→ **YOUR INSTRUCTIONS**:
For every entry below, give it back exactly and leave out any image.

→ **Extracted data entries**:
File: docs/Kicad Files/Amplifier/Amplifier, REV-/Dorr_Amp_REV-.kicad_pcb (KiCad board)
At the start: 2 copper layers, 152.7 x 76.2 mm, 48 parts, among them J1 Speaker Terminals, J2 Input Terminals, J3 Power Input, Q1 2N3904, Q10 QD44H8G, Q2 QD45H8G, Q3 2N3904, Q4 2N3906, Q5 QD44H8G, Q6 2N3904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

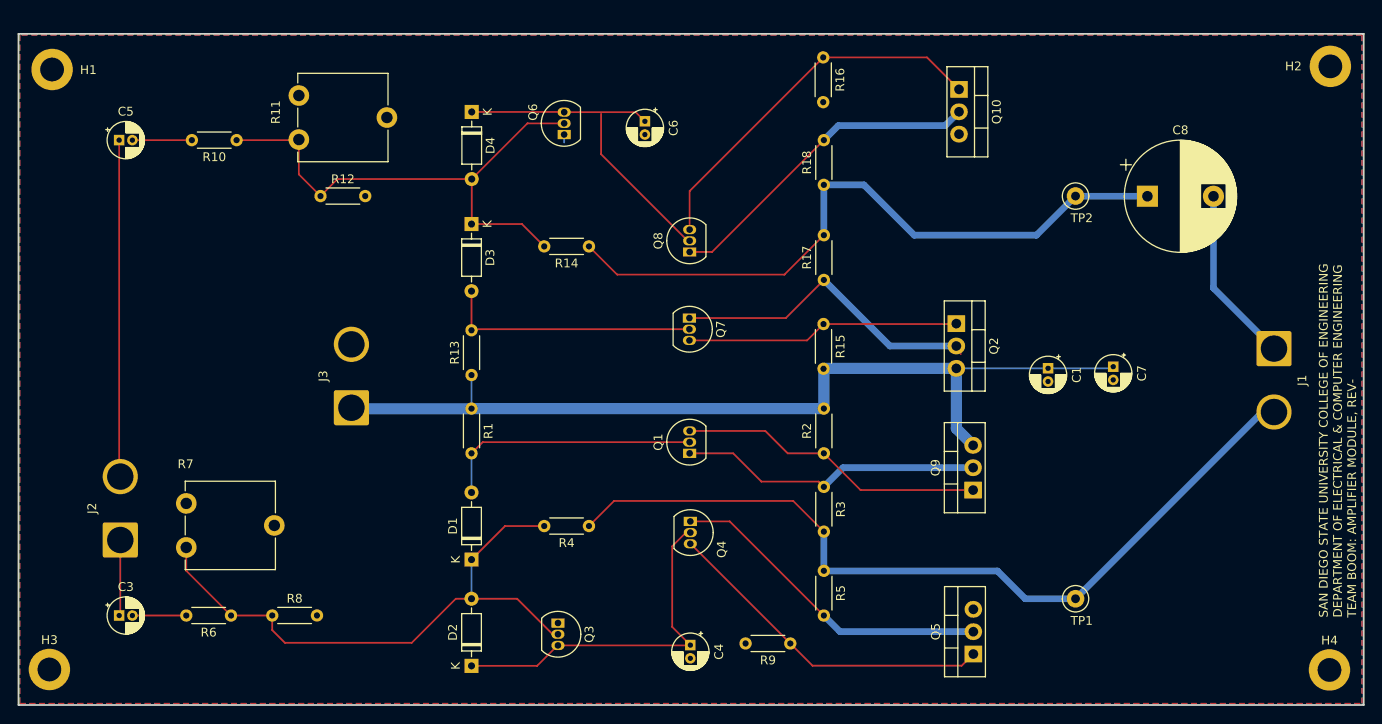
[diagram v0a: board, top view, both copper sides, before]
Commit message: Fixed all footprints
All footprints should be good. Need to double check the capacitor lead spacing with those in the lab.
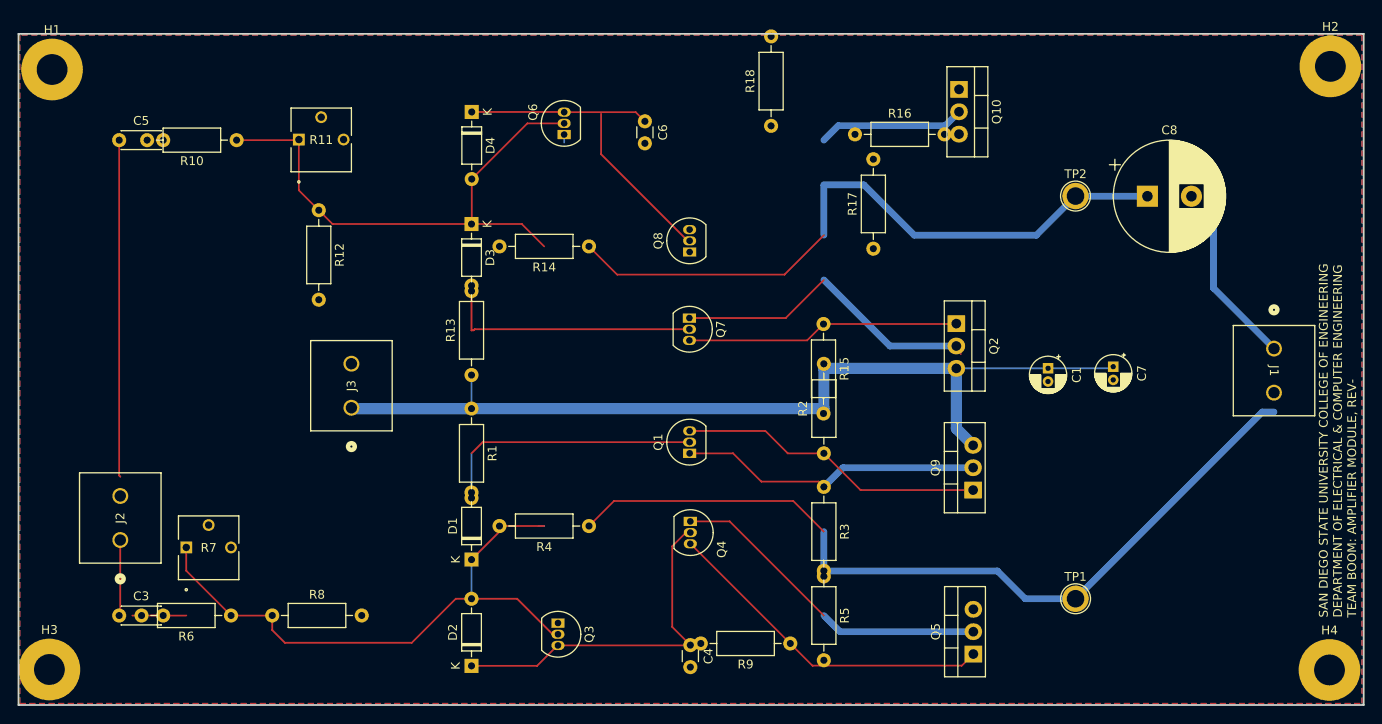
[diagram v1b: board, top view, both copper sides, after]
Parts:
- C3, C5: footprint Capacitor_THT:CP_Radial_D4.0mm_P1.50mm -> Capacitor_THT:C_Disc_D4.3mm_W1.9mm_P5.00mm
- C4, C6: footprint Capacitor_THT:CP_Radial_D4.0mm_P1.50mm -> Capacitor_THT:C_Disc_D3.0mm_W1.6mm_P2.50mm
- C8: footprint Capacitor_THT:CP_Radial_D12.5mm_P7.50mm -> Capacitor_THT:CP_Radial_D12.5mm_P5.00mm
- H1, H2, H3, H4: footprint MountingHole:MountingHole_2.7mm_M2.5_DIN965_Pad -> MountingHole:MountingHole_3.5mm_Pad
- J1: value Speaker Terminals -> Speaker; footprint Connector_Wire:SolderWire-2.5sqmm_1x02_P7.2mm_D2.4mm_OD3.6mm -> Z_Custom_Footprints:CONN_1935776_PXC
- J2, J3: footprint Connector_Wire:SolderWire-2.5sqmm_1x02_P7.2mm_D2.4mm_OD3.6mm -> Z_Custom_Footprints:CONN_1935776_PXC
- R1, R10, R12, R13, R14, R15, R16, R17, R18, R2, R3, R4, R5, R6, R8, R9: footprint Resistor_THT:R_Axial_DIN0204_L3.6mm_D1.6mm_P5.08mm_Horizontal -> Resistor_THT:R_Axial_DIN0207_L6.3mm_D2.5mm_P10.16mm_Horizontal
- R11, R7: footprint Potentiometer_THT:Potentiometer_ACP_CA9-V10_Vertical -> Z_Custom_Footprints:POT_3362P
- TP1, TP2: footprint TestPoint:TestPoint_Loop_D2.50mm_Drill1.0mm -> TestPoint:TestPoint_Plated_Hole_D2.0mm
- moved R16 9.45 mm to (133.4, 74.0), turned to 0 degrees
- moved R18 8.99 mm to (123.9, 73.1)
- moved R17 6.65 mm to (135.5, 87.0)
- moved R12 1.62 mm to (72.5, 82.7), turned to -90 degrees
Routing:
- net Net-(Q10-B): track 42.8 -> 0.00 mm
- net Net-(Q10-C): track 37.2 -> 16.7 mm
- net Net-(C5-Pad2): track 6.76 -> 0.00 mm
- net Net-(D3-K): track 60.1 -> 61.7 mm

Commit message: All footprints verified
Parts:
- C1, C7: footprint Capacitor_THT:CP_Radial_D4.0mm_P1.50mm -> Capacitor_THT:C_Rect_L7.0mm_W3.5mm_P5.00mm
- C3, C5: footprint Capacitor_THT:C_Disc_D4.3mm_W1.9mm_P5.00mm -> Capacitor_THT:CP_Radial_D5.0mm_P2.00mm
- C4, C6: footprint Capacitor_THT:C_Disc_D3.0mm_W1.6mm_P2.50mm -> Capacitor_THT:C_Disc_D5.1mm_W3.2mm_P5.00mm
- J1, J2, J3: footprint Z_Custom_Footprints:CONN_1935776_PXC -> Custom_Footprints:CONN_1935776_PXC
- R11, R7: footprint Z_Custom_Footprints:POT_3362P -> Custom_Footprints:POT_3362P

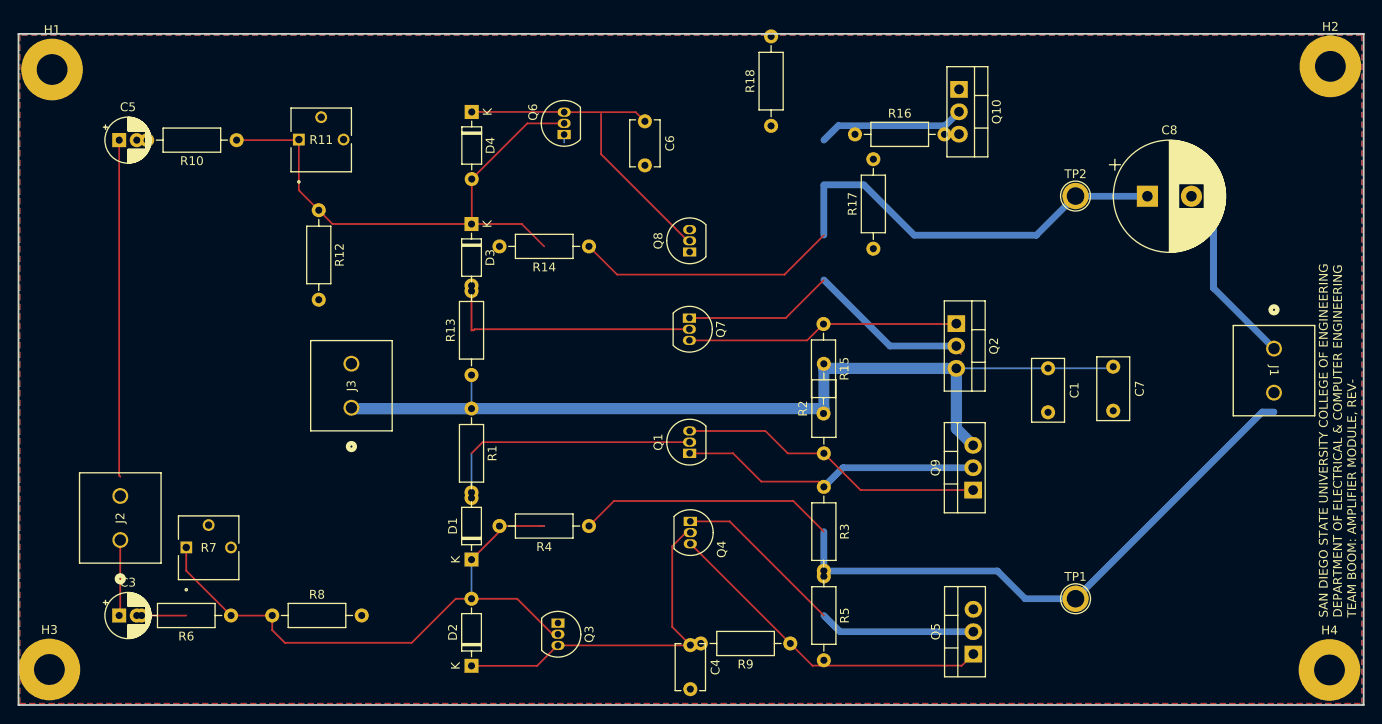
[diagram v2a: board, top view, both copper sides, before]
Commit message: removed (most) old traces
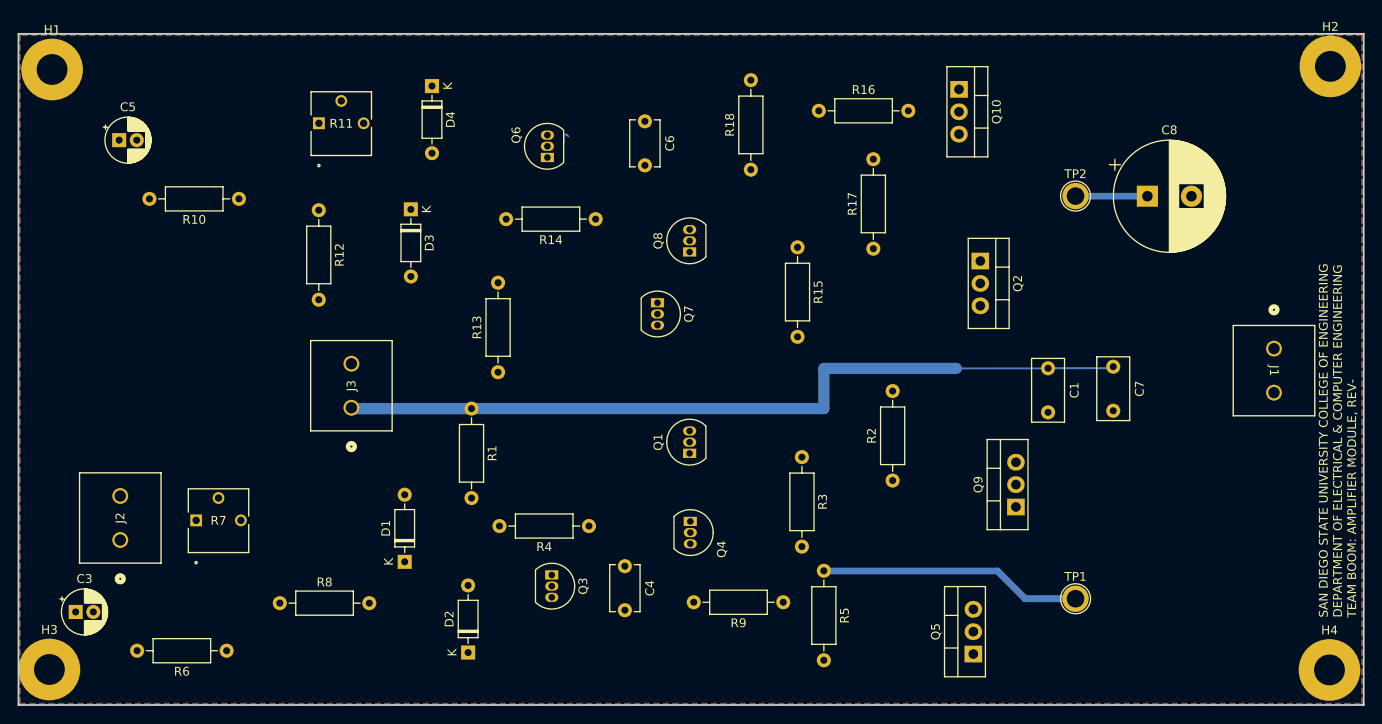
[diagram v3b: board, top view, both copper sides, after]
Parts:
- moved C4 11.6 mm to (107.3, 123.1)
- moved R15 9.20 mm to (126.9, 86.9)
- moved R2 8.40 mm to (137.7, 113.3)
- moved Q2 7.61 mm to (147.7, 88.4)
- moved D1 7.59 mm to (82.3, 122.6)
- moved D3 7.08 mm to (83.0, 82.6)
- moved R10 6.68 mm to (63.5, 81.4)
- moved Q3 5.50 mm to (99.0, 124.1)
- moved R18 5.48 mm to (121.6, 78.0)
- moved D4 5.38 mm to (85.4, 68.6)
- moved Q9 5.23 mm to (151.7, 116.3)
- moved C3 4.95 mm to (44.9, 128.3)
- moved R16 4.90 mm to (129.3, 71.4)
- moved R9 4.75 mm to (125.3, 127.2)
- moved R3 4.20 mm to (127.4, 110.7)
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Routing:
- net Net-(C8-Pad1): track 76.5 -> 8.17 mm
- net Net-(D1-K): track 67.9 -> 0.00 mm
- net Net-(J1-Pin_2): track 94.9 -> 29.9 mm
- net Net-(D3-K): track 61.7 -> 0.00 mm
- net Net-(D2-K): track 40.6 -> 0.00 mm
- net Net-(D4-K): track 39.9 -> 0.00 mm
- net Net-(J2-Pin_2): track 38.6 -> 0.00 mm
- net Net-(Q4-C): track 38.4 -> 0.00 mm
- net Net-(Q4-E): track 37.3 -> 0.00 mm
- net Net-(Q2-C): track 35.2 -> 0.00 mm
- net Net-(Q1-C): track 35.0 -> 0.00 mm
- net Net-(Q1-E): track 34.7 -> 0.00 mm
- net Net-(Q2-B): track 31.1 -> 0.00 mm
- net Net-(D1-A): track 29.7 -> 0.00 mm
- net Net-(D3-A): track 29.3 -> 0.00 mm
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
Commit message: cleaned up amp directory
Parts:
- moved R7 14.7 mm to (73.2, 119.8), turned to 90 degrees
- moved R13 5.33 mm to (96.3, 105.2)
- moved Q4 3.53 mm to (116.7, 120.9), turned to 90 degrees
- moved C6 3.50 mm to (107.6, 69.7)
- moved J1 3.35 mm to (177.6, 98.4)
- moved Q8 2.25 mm to (115.6, 85.3), turned to 180 degrees
- moved R2 1.69 mm to (137.7, 115.0)
- moved H2 1.20 mm to (186.6, 67.2)
- moved H3 1.17 mm to (43.1, 134.4)
- moved H1 0.94 mm to (43.1, 67.2)
- moved H4 0.88 mm to (186.6, 134.4)
- moved C3 0.72 mm to (45.6, 128.0)
- moved Q1 0.64 mm to (114.6, 110.9)
- moved Q7 0.54 mm to (111.0, 93.7)
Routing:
- net Net-(Q4-E): track 0.00 -> 65.7 mm
- net Net-(J1-Pin_2): track 29.9 -> 93.8 mm
- net Net-(Q1-E): track 0.00 -> 63.3 mm
- net Net-(Q10-C): track 0.00 -> 62.5 mm
- net Net-(Q2-C): track 0.00 -> 61.2 mm
- net Net-(D3-K): track 0.00 -> 60.2 mm
- net Net-(C8-Pad1): track 8.17 -> 67.2 mm
- net Net-(D1-K): track 0.00 -> 57.0 mm
- net Net-(Q10-B): track 0.00 -> 46.2 mm
- net Net-(D4-K): track 0.00 -> 46.1 mm
- net Net-(Q2-B): track 0.00 -> 43.1 mm
- net Net-(Q1-C): track 0.00 -> 41.3 mm
- net Net-(J2-Pin_2): track 0.00 -> 40.5 mm
- net Net-(Q4-C): track 0.00 -> 38.0 mm
- net Net-(D1-A): track 0.00 -> 34.9 mm

→ **OUTPUT FOR THIS TASK**:
File: docs/Kicad Files/Amplifier/Amplifier, REV-/Dorr_Amp_REV-.kicad_pcb (KiCad board)
At the start: 2 copper layers, 152.7 x 76.2 mm, 48 parts, among them J1 Speaker Terminals, J2 Input Terminals, J3 Power Input, Q1 2N3904, Q10 QD44H8G, Q2 QD45H8G, Q3 2N3904, Q4 2N3906, Q5 QD44H8G, Q6 2N3904

[diagram v0a: board, top view, both copper sides, before]
Commit message: Fixed all footprints
All footprints should be good. Need to double check the capacitor lead spacing with those in the lab.
[diagram v1b: board, top view, both copper sides, after]
Parts:
- C3, C5: footprint Capacitor_THT:CP_Radial_D4.0mm_P1.50mm -> Capacitor_THT:C_Disc_D4.3mm_W1.9mm_P5.00mm
- C4, C6: footprint Capacitor_THT:CP_Radial_D4.0mm_P1.50mm -> Capacitor_THT:C_Disc_D3.0mm_W1.6mm_P2.50mm
- C8: footprint Capacitor_THT:CP_Radial_D12.5mm_P7.50mm -> Capacitor_THT:CP_Radial_D12.5mm_P5.00mm
- H1, H2, H3, H4: footprint MountingHole:MountingHole_2.7mm_M2.5_DIN965_Pad -> MountingHole:MountingHole_3.5mm_Pad
- J1: value Speaker Terminals -> Speaker; footprint Connector_Wire:SolderWire-2.5sqmm_1x02_P7.2mm_D2.4mm_OD3.6mm -> Z_Custom_Footprints:CONN_1935776_PXC
- J2, J3: footprint Connector_Wire:SolderWire-2.5sqmm_1x02_P7.2mm_D2.4mm_OD3.6mm -> Z_Custom_Footprints:CONN_1935776_PXC
- R1, R10, R12, R13, R14, R15, R16, R17, R18, R2, R3, R4, R5, R6, R8, R9: footprint Resistor_THT:R_Axial_DIN0204_L3.6mm_D1.6mm_P5.08mm_Horizontal -> Resistor_THT:R_Axial_DIN0207_L6.3mm_D2.5mm_P10.16mm_Horizontal
- R11, R7: footprint Potentiometer_THT:Potentiometer_ACP_CA9-V10_Vertical -> Z_Custom_Footprints:POT_3362P
- TP1, TP2: footprint TestPoint:TestPoint_Loop_D2.50mm_Drill1.0mm -> TestPoint:TestPoint_Plated_Hole_D2.0mm
- moved R16 9.45 mm to (133.4, 74.0), turned to 0 degrees
- moved R18 8.99 mm to (123.9, 73.1)
- moved R17 6.65 mm to (135.5, 87.0)
- moved R12 1.62 mm to (72.5, 82.7), turned to -90 degrees
Routing:
- net Net-(Q10-B): track 42.8 -> 0.00 mm
- net Net-(Q10-C): track 37.2 -> 16.7 mm
- net Net-(C5-Pad2): track 6.76 -> 0.00 mm
- net Net-(D3-K): track 60.1 -> 61.7 mm

Commit message: All footprints verified
Parts:
- C1, C7: footprint Capacitor_THT:CP_Radial_D4.0mm_P1.50mm -> Capacitor_THT:C_Rect_L7.0mm_W3.5mm_P5.00mm
- C3, C5: footprint Capacitor_THT:C_Disc_D4.3mm_W1.9mm_P5.00mm -> Capacitor_THT:CP_Radial_D5.0mm_P2.00mm
- C4, C6: footprint Capacitor_THT:C_Disc_D3.0mm_W1.6mm_P2.50mm -> Capacitor_THT:C_Disc_D5.1mm_W3.2mm_P5.00mm
- J1, J2, J3: footprint Z_Custom_Footprints:CONN_1935776_PXC -> Custom_Footprints:CONN_1935776_PXC
- R11, R7: footprint Z_Custom_Footprints:POT_3362P -> Custom_Footprints:POT_3362P

[diagram v2a: board, top view, both copper sides, before]
Commit message: removed (most) old traces
[diagram v3b: board, top view, both copper sides, after]
Parts:
- moved C4 11.6 mm to (107.3, 123.1)
- moved R15 9.20 mm to (126.9, 86.9)
- moved R2 8.40 mm to (137.7, 113.3)
- moved Q2 7.61 mm to (147.7, 88.4)
- moved D1 7.59 mm to (82.3, 122.6)
- moved D3 7.08 mm to (83.0, 82.6)
- moved R10 6.68 mm to (63.5, 81.4)
- moved Q3 5.50 mm to (99.0, 124.1)
- moved R18 5.48 mm to (121.6, 78.0)
- moved D4 5.38 mm to (85.4, 68.6)
- moved Q9 5.23 mm to (151.7, 116.3)
- moved C3 4.95 mm to (44.9, 128.3)
- moved R16 4.90 mm to (129.3, 71.4)
- moved R9 4.75 mm to (125.3, 127.2)
- moved R3 4.20 mm to (127.4, 110.7)
Routing:
- net Net-(C8-Pad1): track 76.5 -> 8.17 mm
- net Net-(D1-K): track 67.9 -> 0.00 mm
- net Net-(J1-Pin_2): track 94.9 -> 29.9 mm
- net Net-(D3-K): track 61.7 -> 0.00 mm
- net Net-(D2-K): track 40.6 -> 0.00 mm
- net Net-(D4-K): track 39.9 -> 0.00 mm
- net Net-(J2-Pin_2): track 38.6 -> 0.00 mm
- net Net-(Q4-C): track 38.4 -> 0.00 mm
- net Net-(Q4-E): track 37.3 -> 0.00 mm
- net Net-(Q2-C): track 35.2 -> 0.00 mm
- net Net-(Q1-C): track 35.0 -> 0.00 mm
- net Net-(Q1-E): track 34.7 -> 0.00 mm
- net Net-(Q2-B): track 31.1 -> 0.00 mm
- net Net-(D1-A): track 29.7 -> 0.00 mm
- net Net-(D3-A): track 29.3 -> 0.00 mm

Commit message: cleaned up amp directory
Parts:
- moved R7 14.7 mm to (73.2, 119.8), turned to 90 degrees
- moved R13 5.33 mm to (96.3, 105.2)
- moved Q4 3.53 mm to (116.7, 120.9), turned to 90 degrees
- moved C6 3.50 mm to (107.6, 69.7)
- moved J1 3.35 mm to (177.6, 98.4)
- moved Q8 2.25 mm to (115.6, 85.3), turned to 180 degrees
- moved R2 1.69 mm to (137.7, 115.0)
- moved H2 1.20 mm to (186.6, 67.2)
- moved H3 1.17 mm to (43.1, 134.4)
- moved H1 0.94 mm to (43.1, 67.2)
- moved H4 0.88 mm to (186.6, 134.4)
- moved C3 0.72 mm to (45.6, 128.0)
- moved Q1 0.64 mm to (114.6, 110.9)
- moved Q7 0.54 mm to (111.0, 93.7)
Routing:
- net Net-(Q4-E): track 0.00 -> 65.7 mm
- net Net-(J1-Pin_2): track 29.9 -> 93.8 mm
- net Net-(Q1-E): track 0.00 -> 63.3 mm
- net Net-(Q10-C): track 0.00 -> 62.5 mm
- net Net-(Q2-C): track 0.00 -> 61.2 mm
- net Net-(D3-K): track 0.00 -> 60.2 mm
- net Net-(C8-Pad1): track 8.17 -> 67.2 mm
- net Net-(D1-K): track 0.00 -> 57.0 mm
- net Net-(Q10-B): track 0.00 -> 46.2 mm
- net Net-(D4-K): track 0.00 -> 46.1 mm
- net Net-(Q2-B): track 0.00 -> 43.1 mm
- net Net-(Q1-C): track 0.00 -> 41.3 mm
- net Net-(J2-Pin_2): track 0.00 -> 40.5 mm
- net Net-(Q4-C): track 0.00 -> 38.0 mm
- net Net-(D1-A): track 0.00 -> 34.9 mm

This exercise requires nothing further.